Work instruction: Which of the lines below include the word "Commit"? Pull each one out.
--- --- ---
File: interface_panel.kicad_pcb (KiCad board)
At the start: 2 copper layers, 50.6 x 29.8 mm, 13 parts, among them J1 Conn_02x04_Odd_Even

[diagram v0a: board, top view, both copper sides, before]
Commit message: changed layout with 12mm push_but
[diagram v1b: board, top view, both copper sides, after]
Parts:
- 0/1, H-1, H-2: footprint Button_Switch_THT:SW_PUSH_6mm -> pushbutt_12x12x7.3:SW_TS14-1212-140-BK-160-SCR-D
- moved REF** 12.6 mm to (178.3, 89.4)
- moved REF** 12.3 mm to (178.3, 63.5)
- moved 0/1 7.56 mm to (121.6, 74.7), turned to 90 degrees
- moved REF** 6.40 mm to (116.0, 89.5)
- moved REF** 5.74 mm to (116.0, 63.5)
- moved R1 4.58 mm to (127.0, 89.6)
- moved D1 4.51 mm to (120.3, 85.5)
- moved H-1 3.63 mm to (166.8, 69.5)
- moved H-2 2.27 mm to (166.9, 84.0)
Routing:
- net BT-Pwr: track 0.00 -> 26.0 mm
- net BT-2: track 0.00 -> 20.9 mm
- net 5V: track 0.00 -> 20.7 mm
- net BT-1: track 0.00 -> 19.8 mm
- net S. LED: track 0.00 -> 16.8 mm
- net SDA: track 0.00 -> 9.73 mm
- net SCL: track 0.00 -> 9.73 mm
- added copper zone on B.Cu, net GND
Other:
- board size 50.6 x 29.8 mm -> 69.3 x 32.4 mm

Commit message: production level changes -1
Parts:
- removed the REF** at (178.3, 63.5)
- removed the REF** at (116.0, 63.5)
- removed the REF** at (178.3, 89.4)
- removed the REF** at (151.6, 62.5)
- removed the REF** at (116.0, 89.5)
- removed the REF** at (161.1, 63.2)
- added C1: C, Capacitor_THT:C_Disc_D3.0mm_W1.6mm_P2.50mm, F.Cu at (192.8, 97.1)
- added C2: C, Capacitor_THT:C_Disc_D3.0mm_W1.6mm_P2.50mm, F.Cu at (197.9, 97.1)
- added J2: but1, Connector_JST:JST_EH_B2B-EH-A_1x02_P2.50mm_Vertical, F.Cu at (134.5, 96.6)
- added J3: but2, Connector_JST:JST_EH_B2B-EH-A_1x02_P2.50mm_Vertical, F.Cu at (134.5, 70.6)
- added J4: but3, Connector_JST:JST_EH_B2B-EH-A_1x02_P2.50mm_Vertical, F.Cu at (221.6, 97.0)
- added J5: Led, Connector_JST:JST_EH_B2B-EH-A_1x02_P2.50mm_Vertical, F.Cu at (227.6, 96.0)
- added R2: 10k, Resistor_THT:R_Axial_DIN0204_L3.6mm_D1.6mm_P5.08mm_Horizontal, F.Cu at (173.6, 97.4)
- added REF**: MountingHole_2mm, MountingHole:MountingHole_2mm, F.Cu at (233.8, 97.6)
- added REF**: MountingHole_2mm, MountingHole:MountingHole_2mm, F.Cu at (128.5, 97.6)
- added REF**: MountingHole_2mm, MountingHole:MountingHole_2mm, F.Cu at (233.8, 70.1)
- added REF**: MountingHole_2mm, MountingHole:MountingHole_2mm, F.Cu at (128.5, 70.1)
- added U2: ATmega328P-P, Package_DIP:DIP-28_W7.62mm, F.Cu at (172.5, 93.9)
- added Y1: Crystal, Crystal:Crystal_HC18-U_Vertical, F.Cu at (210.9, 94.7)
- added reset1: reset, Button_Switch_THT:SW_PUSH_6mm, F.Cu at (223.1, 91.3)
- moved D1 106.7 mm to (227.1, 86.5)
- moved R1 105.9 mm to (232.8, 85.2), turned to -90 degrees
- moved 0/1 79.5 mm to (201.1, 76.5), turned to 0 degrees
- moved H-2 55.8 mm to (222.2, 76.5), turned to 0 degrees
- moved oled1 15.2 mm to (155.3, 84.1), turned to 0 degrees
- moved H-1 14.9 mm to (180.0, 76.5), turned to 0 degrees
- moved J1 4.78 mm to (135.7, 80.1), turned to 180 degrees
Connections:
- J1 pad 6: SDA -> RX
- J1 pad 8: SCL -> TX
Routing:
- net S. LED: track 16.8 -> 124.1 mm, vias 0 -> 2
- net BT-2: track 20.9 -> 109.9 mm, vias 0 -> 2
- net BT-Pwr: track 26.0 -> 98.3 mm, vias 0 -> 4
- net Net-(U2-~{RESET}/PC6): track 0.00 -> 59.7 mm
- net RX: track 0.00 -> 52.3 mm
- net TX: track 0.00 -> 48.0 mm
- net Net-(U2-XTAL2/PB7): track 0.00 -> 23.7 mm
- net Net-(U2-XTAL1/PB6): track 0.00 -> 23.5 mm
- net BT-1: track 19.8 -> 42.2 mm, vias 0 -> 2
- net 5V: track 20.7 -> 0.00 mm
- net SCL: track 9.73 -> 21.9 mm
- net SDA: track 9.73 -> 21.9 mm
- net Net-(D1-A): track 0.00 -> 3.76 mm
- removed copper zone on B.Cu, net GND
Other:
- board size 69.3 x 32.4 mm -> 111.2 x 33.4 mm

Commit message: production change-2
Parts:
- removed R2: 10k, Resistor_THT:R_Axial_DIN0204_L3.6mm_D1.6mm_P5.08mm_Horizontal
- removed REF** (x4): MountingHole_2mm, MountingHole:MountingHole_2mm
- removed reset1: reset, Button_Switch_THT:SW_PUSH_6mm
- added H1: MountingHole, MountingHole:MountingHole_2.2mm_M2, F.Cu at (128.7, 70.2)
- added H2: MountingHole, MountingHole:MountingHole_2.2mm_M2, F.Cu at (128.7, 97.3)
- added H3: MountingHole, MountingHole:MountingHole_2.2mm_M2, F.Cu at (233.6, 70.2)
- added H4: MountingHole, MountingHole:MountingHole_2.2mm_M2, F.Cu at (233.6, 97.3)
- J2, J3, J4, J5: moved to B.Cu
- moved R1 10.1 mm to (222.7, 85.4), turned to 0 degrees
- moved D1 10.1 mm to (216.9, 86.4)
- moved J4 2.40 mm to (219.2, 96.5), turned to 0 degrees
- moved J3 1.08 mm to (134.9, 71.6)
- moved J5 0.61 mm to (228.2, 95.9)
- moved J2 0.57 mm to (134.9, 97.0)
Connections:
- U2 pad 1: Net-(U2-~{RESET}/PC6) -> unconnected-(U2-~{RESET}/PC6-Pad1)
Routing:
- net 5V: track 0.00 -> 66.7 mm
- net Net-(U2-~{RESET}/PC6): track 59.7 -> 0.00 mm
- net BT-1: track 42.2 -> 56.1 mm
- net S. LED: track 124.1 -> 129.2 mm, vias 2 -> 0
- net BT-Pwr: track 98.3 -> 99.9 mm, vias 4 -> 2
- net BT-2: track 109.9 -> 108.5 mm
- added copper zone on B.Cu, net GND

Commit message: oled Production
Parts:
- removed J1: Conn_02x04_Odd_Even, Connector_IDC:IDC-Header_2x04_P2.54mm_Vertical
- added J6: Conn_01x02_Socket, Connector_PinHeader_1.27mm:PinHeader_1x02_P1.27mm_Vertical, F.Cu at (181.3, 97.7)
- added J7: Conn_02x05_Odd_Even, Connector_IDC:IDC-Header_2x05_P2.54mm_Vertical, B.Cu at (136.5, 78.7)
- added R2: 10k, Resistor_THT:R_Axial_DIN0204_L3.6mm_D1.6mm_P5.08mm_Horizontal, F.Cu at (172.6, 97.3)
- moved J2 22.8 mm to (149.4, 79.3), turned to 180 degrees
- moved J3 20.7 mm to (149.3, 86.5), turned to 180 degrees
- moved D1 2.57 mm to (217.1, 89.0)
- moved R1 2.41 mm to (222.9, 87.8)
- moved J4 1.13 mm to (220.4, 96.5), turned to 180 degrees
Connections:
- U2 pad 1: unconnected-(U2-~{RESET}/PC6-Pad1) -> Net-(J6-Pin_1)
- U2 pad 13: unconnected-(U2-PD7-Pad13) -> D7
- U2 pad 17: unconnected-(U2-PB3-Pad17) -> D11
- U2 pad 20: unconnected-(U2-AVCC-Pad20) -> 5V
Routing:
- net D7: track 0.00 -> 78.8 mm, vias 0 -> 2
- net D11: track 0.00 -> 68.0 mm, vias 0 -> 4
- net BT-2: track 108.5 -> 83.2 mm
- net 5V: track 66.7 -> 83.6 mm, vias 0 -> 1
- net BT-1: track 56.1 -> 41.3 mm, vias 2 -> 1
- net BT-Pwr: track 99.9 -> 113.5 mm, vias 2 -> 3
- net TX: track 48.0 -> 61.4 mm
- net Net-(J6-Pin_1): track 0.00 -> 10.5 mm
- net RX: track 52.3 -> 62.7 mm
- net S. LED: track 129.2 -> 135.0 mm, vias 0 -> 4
--- --- ---
Task output:
Commit message: changed layout with 12mm push_but
Commit message: production level changes -1
Commit message: production change-2
Commit message: oled Production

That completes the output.